陆鹤承无话,他知道自己一向说不过这个伶牙俐齿的嫂嫂,只得闭嘴不言,许云禾却还要再说什么,可还没开口,就看到门房的下人送来一封信,“大娘子,说是给您的信。”

许云禾一怔,伸手接过,所见信封上的字迹十分熟悉,于是拆开信封,果然是簌簌送来的信。

看完之后,心头喜悦顿时跃上眉梢,许云禾对陆铖说:“阿铖,明日平远侯府的宴会,你与鹤承先去吧。

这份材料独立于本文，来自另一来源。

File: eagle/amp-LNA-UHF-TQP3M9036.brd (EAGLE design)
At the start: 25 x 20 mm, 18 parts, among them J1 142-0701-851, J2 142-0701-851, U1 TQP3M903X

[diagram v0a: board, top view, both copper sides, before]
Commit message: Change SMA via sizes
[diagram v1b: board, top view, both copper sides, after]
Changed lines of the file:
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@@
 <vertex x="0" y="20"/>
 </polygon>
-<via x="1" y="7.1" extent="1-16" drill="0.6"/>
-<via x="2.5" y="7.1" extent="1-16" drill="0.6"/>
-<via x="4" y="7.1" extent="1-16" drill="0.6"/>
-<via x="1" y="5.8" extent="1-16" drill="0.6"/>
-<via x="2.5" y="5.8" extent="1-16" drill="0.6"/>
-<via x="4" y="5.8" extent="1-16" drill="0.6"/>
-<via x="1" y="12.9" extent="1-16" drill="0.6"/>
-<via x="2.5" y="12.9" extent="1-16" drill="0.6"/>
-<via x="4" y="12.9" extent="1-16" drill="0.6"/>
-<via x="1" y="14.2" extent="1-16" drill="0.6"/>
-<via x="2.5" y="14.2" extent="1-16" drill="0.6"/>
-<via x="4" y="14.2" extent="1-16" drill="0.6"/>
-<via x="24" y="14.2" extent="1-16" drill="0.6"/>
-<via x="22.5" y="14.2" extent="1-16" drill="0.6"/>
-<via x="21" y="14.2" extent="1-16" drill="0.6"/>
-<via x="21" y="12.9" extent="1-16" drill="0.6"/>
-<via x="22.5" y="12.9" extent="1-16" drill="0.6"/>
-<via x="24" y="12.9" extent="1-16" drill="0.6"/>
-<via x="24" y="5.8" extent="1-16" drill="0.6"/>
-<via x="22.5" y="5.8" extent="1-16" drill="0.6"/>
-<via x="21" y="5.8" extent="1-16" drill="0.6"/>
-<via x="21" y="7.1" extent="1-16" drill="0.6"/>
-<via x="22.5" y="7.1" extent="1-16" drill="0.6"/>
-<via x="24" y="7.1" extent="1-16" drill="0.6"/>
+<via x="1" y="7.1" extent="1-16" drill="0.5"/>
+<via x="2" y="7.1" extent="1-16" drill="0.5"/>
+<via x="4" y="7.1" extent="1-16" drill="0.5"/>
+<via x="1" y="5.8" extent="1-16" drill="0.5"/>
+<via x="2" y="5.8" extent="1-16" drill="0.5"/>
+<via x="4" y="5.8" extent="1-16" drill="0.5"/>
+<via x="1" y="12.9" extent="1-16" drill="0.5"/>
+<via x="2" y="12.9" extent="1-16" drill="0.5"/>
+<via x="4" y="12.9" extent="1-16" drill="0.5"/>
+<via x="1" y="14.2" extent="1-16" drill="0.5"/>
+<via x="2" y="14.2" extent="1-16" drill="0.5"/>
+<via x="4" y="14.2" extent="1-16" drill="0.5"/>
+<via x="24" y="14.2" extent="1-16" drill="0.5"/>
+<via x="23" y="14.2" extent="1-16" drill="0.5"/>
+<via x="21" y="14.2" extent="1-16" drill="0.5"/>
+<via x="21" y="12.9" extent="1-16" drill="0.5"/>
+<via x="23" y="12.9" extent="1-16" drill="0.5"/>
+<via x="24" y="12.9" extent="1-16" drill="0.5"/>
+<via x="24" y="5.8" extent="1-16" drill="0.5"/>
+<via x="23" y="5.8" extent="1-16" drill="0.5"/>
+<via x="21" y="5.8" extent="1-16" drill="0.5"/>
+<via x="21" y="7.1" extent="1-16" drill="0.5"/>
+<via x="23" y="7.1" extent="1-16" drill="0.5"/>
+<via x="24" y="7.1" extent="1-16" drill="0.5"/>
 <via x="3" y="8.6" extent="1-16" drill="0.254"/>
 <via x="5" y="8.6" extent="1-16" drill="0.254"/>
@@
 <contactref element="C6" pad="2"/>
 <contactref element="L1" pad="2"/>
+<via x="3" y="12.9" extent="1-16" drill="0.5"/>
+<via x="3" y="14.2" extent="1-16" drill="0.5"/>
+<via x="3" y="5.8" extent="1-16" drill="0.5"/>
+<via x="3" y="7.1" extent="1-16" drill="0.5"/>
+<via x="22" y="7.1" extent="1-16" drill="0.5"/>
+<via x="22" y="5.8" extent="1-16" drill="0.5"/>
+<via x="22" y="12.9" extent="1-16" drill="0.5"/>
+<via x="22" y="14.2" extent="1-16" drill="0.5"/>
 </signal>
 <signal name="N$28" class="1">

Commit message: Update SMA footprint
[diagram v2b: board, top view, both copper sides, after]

”

陆铖微拧了拧眉,“你不去了?”

许云禾挥了挥手里的信笺,“我先去接簌簌,而后与她同去。”

她说着,忽然想起了什么似的,起身道:“如此,我得再给她备一份给平远侯的礼——”

她看向一旁的陆鹤承,“鹤承,你与你哥下,我还有事要忙。”

说完,便径直离开,陆铖的手伸到半空了却没有摸到她的半片衣角。

成婚这么久,许云禾还是这幅风风火火的模样,实在没有半点改变。

陆铖无奈地叹了口气,看着坐在自己跟前的陆鹤承,顿时没有了对弈的兴趣。

他将手里的黑子扔进棋篓里,“我也回了。”

陆鹤承颇为无语地看着这一前一后离开的夫妻两个,伸手捏着两色棋子,自己和自己对弈起来。

只是他的棋路和两人都不大一样,没下几个子便停住思索起来,无意中往后一靠,身后响起一阵窸窣声响。

什么东西?

他疑惑地伸手往后探,摸到一张薄薄的纸,是方才许云禾落下的信封。

陆鹤承抬手捻了捻,信封是空的,里面的信倒是被拿走了。

他摊开在桌上,信封中间写着四个字,云禾亲启。

不是寻常闺秀的簪花小楷,竟是潇洒不羁的行楷。

陆鹤承眉眼一挑,生出几分兴趣来。

-

平远侯容峥是陆铖少时好友,本也是孟州人,后来父兄升任陇西,便举家搬到了西北。

他本是家中次子,但是父亲和长兄为国捐躯,永元帝便破例允许他承接了父亲的侯爵。

但是他志不在官场,更不懂行兵打仗,顶着平远侯的爵位,又远在凉州,不知道有多么的逍遥。

三月初四是平远侯的生辰,陆铖作为至交好友自然要到场为他庆贺。

去平远侯府的路上,许云禾详细地与陶令仪讲了很多与容峥有关的事,“他今年二十四岁,始终没有成婚,平日最爱玩乐,与之前的燕长风没有什么两样。”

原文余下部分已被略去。